Кольму пришлось добавить еще несколько кастрюль горячей воды в свою ванну, прежде чем он почувствовал, что почти согрелся. Теперь он боролся с последними остатками озноба, чтобы заверить дядю и тетю, что с ним все в порядке. С любовью глядя на них, Кольм решил, что теперь у него есть семья помимо его упрямой сестры. И пусть он имел немного в смысле материальных благ, но их любовь и уважение были бесценны для того, кто так долго шел по жизни один.

— Лучше? — настойчиво спросила тетя Барбара, как только Кольм оделся и ему подали бренди.

— Да, — со вздохом согласился он.

— В таком случае тебе лучше назвать вескую причину, из-за которой ты нас так напугал, парень, — строго сказал его дядя. — И имей в виду, что твоя тетя очень рассердится, если это окажется какая-нибудь ерунда.

— Я поцеловал мисс Уинтерли, — с ходу признался Кольм, но потом подумал, что, видимо, еще пребывает в шоке, если произнес это вслух. С другой стороны, не было никакого смысла делать вид, что это не катастрофа, и, если он будет изгнан из Даркмера, им следовало знать почему.
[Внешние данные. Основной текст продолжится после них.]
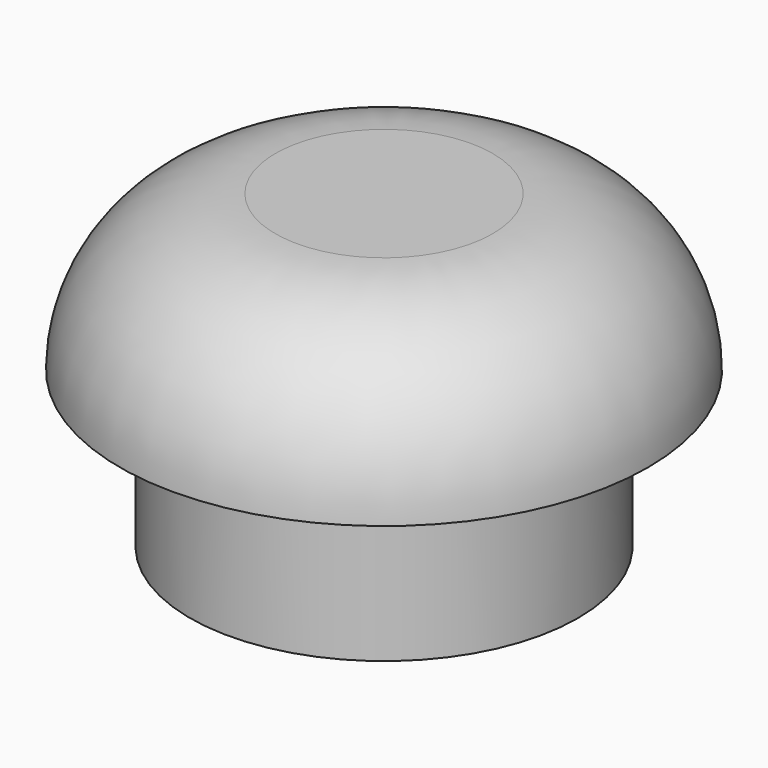
from build123d import *

# Parameters (mm, degrees)
F0_R     = 15.875
F1_DEPTH = 12.7
F2_R     = 21.59
F2_R_2   = 15.875
F3_DEPTH = 12.7
F4_R     = 12.69999


# Not quite as in the source:
# - a fillet or chamfer is up to 0.001 mm smaller than in the source, because OpenCascade refuses the exact size


with BuildPart() as f1:
    # F0 (on Top) → F1 (new body)
    with BuildSketch(Plane.XY):
        Circle(F0_R)
    extrude(amount=F1_DEPTH)

    # F2 (on face) → F3 (join)
    with BuildSketch(Plane.XY.offset(12.7)):
        Circle(F2_R)
        Circle(F2_R_2, mode=Mode.SUBTRACT)
        Circle(F2_R_2)
    extrude(amount=F3_DEPTH)

    # F4 (radius 12.7 in the source; OpenCascade refuses exactly that, so slightly less here)
    f4_edges = [f1.edges().sort_by_distance(p)[0] for p in [
        (-21.59, 0, 25.4),
    ]]
    fillet(f4_edges, radius=F4_R)


solid = f1.part

— О! — беспомощно воскликнул дядя, как будто понял, почему Кольм оказался на краю обрыва в самый разгар шторма.

— И что? Молодая леди была шокирована, рассержена или до смерти напугана? — решительно спросила тетя.

— Нет, в тот момент нет. Хотя я подозреваю, что это могло случиться с ней позже.

— Она не пыталась тебя оттолкнуть и не требовала, чтобы немедленно прекратил?

— Нет, ничего такого, — уклончиво ответил Кольм, стараясь не вспоминать, как она отреагировала на его поцелуй, особенно сейчас, когда он находился в центре внимания, и в сердце возникла какая-то ноющая боль, о которой он не хотел думать.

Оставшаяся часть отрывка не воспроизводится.